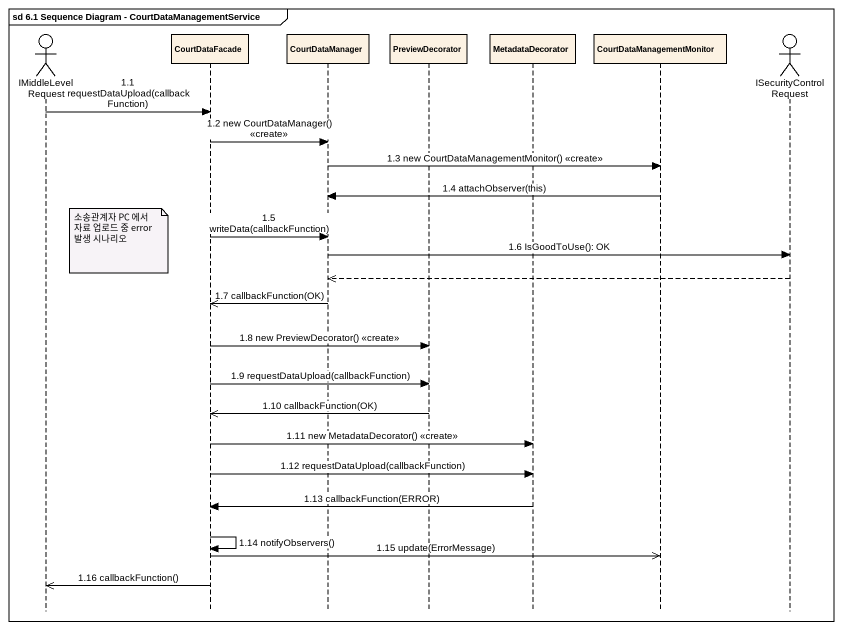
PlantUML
@startuml
mainframe sd 6.1 Sequence Diagram - CourtDataManagementService
hide footbox
actor IMiddleLevelRequest
participant CourtDataFacade
participant CourtDataManager
participant PreviewDecorator
participant MetadataDecorator
participant CourtDataManagementMonitor
actor ISecurityControlRequest

IMiddleLevelRequest -> CourtDataFacade : 1.1 requestDataUpload(callbackFunction)
CourtDataFacade -> CourtDataManager : 1.2 new CourtDataManager() <<create>>
CourtDataManager -> CourtDataManagementMonitor : 1.3 new CourtDataManagementMonitor() <<create>>
CourtDataManagementMonitor -> CourtDataManager : 1.4 attachObserver(this)
CourtDataFacade -> CourtDataManager : 1.5 writeData(callbackFunction)
note right of IMiddleLevelRequest : 소송관계자 PC 에서 자료 업로드 중 error 발생 시나리오
CourtDataManager -> ISecurityControlRequest : 1.6 IsGoodToUse(): OK
ISecurityControlRequest -->> CourtDataManager
CourtDataManager ->> CourtDataFacade : 1.7 callbackFunction(OK)
CourtDataFacade -> PreviewDecorator : 1.8 new PreviewDecorator() <<create>>
CourtDataFacade -> PreviewDecorator : 1.9 requestDataUpload(callbackFunction)
PreviewDecorator ->> CourtDataFacade : 1.10 callbackFunction(OK)
CourtDataFacade -> MetadataDecorator : 1.11 new MetadataDecorator() <<create>>
CourtDataFacade -> MetadataDecorator : 1.12 requestDataUpload(callbackFunction)
MetadataDecorator -> CourtDataFacade : 1.13 callbackFunction(ERROR)
CourtDataFacade -> CourtDataFacade : 1.14 notifyObservers()
CourtDataFacade ->> CourtDataManagementMonitor : 1.15 update(ErrorMessage)
CourtDataFacade ->> IMiddleLevelRequest : 1.16 callbackFunction()
@enduml

Task requirements =
What is needed is an exact retyping of the lines from the start of the data through the line with "CourtDataManager -> CourtDataManagementMonitor", with both end lines kept and every picture left out.

Task response =
PlantUML
@startuml
mainframe sd 6.1 Sequence Diagram - CourtDataManagementService
hide footbox
actor IMiddleLevelRequest
participant CourtDataFacade
participant CourtDataManager
participant PreviewDecorator
participant MetadataDecorator
participant CourtDataManagementMonitor
actor ISecurityControlRequest

IMiddleLevelRequest -> CourtDataFacade : 1.1 requestDataUpload(callbackFunction)
CourtDataFacade -> CourtDataManager : 1.2 new CourtDataManager() <<create>>
CourtDataManager -> CourtDataManagementMonitor : 1.3 new CourtDataManagementMonitor() <<create>>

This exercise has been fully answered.